В пореформенное время нежелание и неспособность дворянства ограничить сферу престижного потребления и досуговых жизненных идеалов в пользу утилитарной деятельности приняло драматичный характер. Тамбовский помещик С.Н. Терпигорев оценивал положение дворян-землевладельцев как «оскудение» (хотя, конечно, оно было относительным как потеря материальной самостоятельности и невозможность воспроизводства образа жизни «полной чашей»). Существенные материальные средства, полученные в результате выкупной операции, не спасали от разорения, поскольку тратились на то, чтобы вновь «взыграть» и «возродиться» к жизни. Дворянство по-прежнему, не снижая оборотов, продолжало воспроизводить характерные для екатерининской эпохи формы позиционирования в обществе, надеясь на поддержку государства: «Теперь “мы” тратили последние крохи, и тратили их с тем же непонятным, невероятным и необъяснимым ни для кого апломбом и легкомысленным упорством. Замечательнее всего здесь то, что ведь это не был кутеж человека с отчаяния. Мы до последнего рубля - вздоха верили в жизнь свою и ждали, что вот-вот случится наше полное, полнейшее выздоровление, и опять селянки, осетрина, икра, шампанское, шампанское и шампанское!..» [8, с. 632].
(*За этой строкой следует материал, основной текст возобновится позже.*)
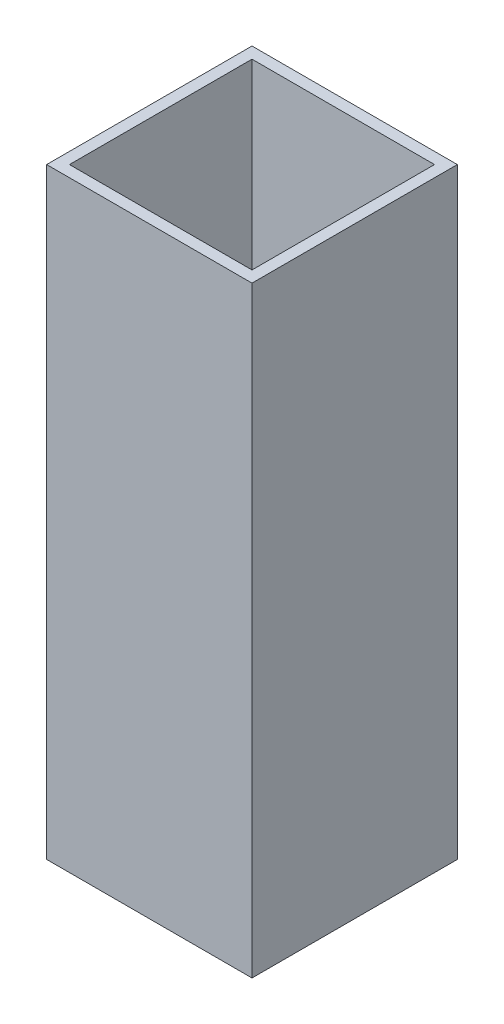
from build123d import *

# Parameters (mm, degrees)
SKETCH1_W            = 36
SKETCH1_H            = 36
SKETCH1_W_2          = 32
SKETCH1_H_2          = 32
BOSS_EXTRUDE1_DEPTH  = 10
SKETCH5_W            = 36
SKETCH5_H            = 36
SKETCH5_W_2          = 32
SKETCH5_H_2          = 32
BOSS_EXTRUDE5_DEPTH  = 63.5
SKETCH2_W            = 36
SKETCH2_H            = 36
SKETCH2_W_2          = 28
SKETCH2_H_2          = 28
BOSS_EXTRUDE9_DEPTH  = 2
SKETCH9_W            = 36
SKETCH9_H            = 36
SKETCH9_W_2          = 32
SKETCH9_H_2          = 32
BOSS_EXTRUDE11_DEPTH = 30


with BuildPart() as part:
    # Sketch1 → Boss-Extrude1 (new body)
    with BuildSketch(Plane(origin=(0, 0, 0), x_dir=(1, 0, 0), z_dir=(0, 1, 0))):
        with Locations((-61.04447382, 32.009277239)):
            Rectangle(SKETCH1_W, SKETCH1_H)
        with Locations((-61.04447382, 32.009277239)):
            Rectangle(SKETCH1_W_2, SKETCH1_H_2, mode=Mode.SUBTRACT)
    extrude(amount=BOSS_EXTRUDE1_DEPTH)

    # Sketch5 → Boss-Extrude5 (add)
    with BuildSketch(Plane(origin=(0, 10, 0), x_dir=(1, 0, 0), z_dir=(0, 1, 0))):
        with Locations((-61.04447382, 32.009277239)):
            Rectangle(SKETCH5_W, SKETCH5_H)
        with Locations((-61.04447382, 32.009277239)):
            Rectangle(SKETCH5_W_2, SKETCH5_H_2, mode=Mode.SUBTRACT)
    extrude(amount=BOSS_EXTRUDE5_DEPTH)

    # Sketch2 → Boss-Extrude9 (add)
    with BuildSketch(Plane.XZ):
        with Locations((-61.04447382, -32.009277239)):
            Rectangle(SKETCH2_W, SKETCH2_H)
        with Locations((-61.04447382, -32.009277239)):
            Rectangle(SKETCH2_W_2, SKETCH2_H_2, mode=Mode.SUBTRACT)
    extrude(amount=BOSS_EXTRUDE9_DEPTH)

    # Sketch9 → Boss-Extrude11 (add)
    with BuildSketch(Plane.XZ.offset(2)):
        with Locations((-61.04447382, -32.009277239)):
            Rectangle(SKETCH9_W, SKETCH9_H)
        with Locations((-61.04447382, -32.009277239)):
            Rectangle(SKETCH9_W_2, SKETCH9_H_2, mode=Mode.SUBTRACT)
    extrude(amount=BOSS_EXTRUDE11_DEPTH)


solid = part.part

Русский историк Н.А. Астафьев отмечал, что общественная жизнь России на рубеже веков характеризовалась усилением атеистических, материалистических и потребительских настроений. «Если жизнь человека кончается со смертью тела, если удел человека есть лишь настоящая его земная жизнь, если жизнь это чисто физическая, то целью ее, очевидно, должно быть приобретение возможно большего количества земных благ, физических наслаждений. Вместо недавнего еще стремления к честному, идеальному, - погоня за наживою, как характерная черта нашего времени, всем знакомая. Оно и понятно, -так как деньгами можно удовлетворить всем потребностям и прихотям нашей животной природы» [9, с. 29-30]. Этот «пагубный дух нашего времени», по мнению Астафьева, сформировался на Западе под влиянием развития естественных наук, атеизма и утилитаризма.
Идея о «тлетворном влиянии Запада» далеко не нова. Важно другое: как и многие почвенники, Астафьев в пылу публицистического обличительства современности и безнравственного секулярного Запада проигнорировал фактор внутреннего состояния
русского общества, которое делало весьма сомнительным возможность спасения в «слове Божьем». Направление развития, результаты которого Астафьев наблюдал на рубеже веков, русское общество взяло еще в начале XVIII в., и многие черты неприемлемой автором «буржуазной культуры» возникли и развились в дворянской среде.
Русское дворянство, начавшее после реформ стремительно утрачивать свои позиции в экономике, сохранило свое положение в политике и оставалось доминирующим образцом в сфере культуры и быта. В сословном обществе с обостренным чувством социальной иерархии и четкими различиями высший-низший, маркироваными определенными атрибутами, каждый социальный слой стремился не только сохранить свой сословный статус, но и приблизиться к уровню жизни стоящих выше на социальной лестнице. Даже формирующаяся с середины XIX в. российская разночинная интеллигенция, подчеркивающая независимость от предшествующей культурной традиции и существующей социальной иерархии, в своем повседневном поведении стремилась ориентироваться на жизненный уклад, свойственный дворянской аристократии.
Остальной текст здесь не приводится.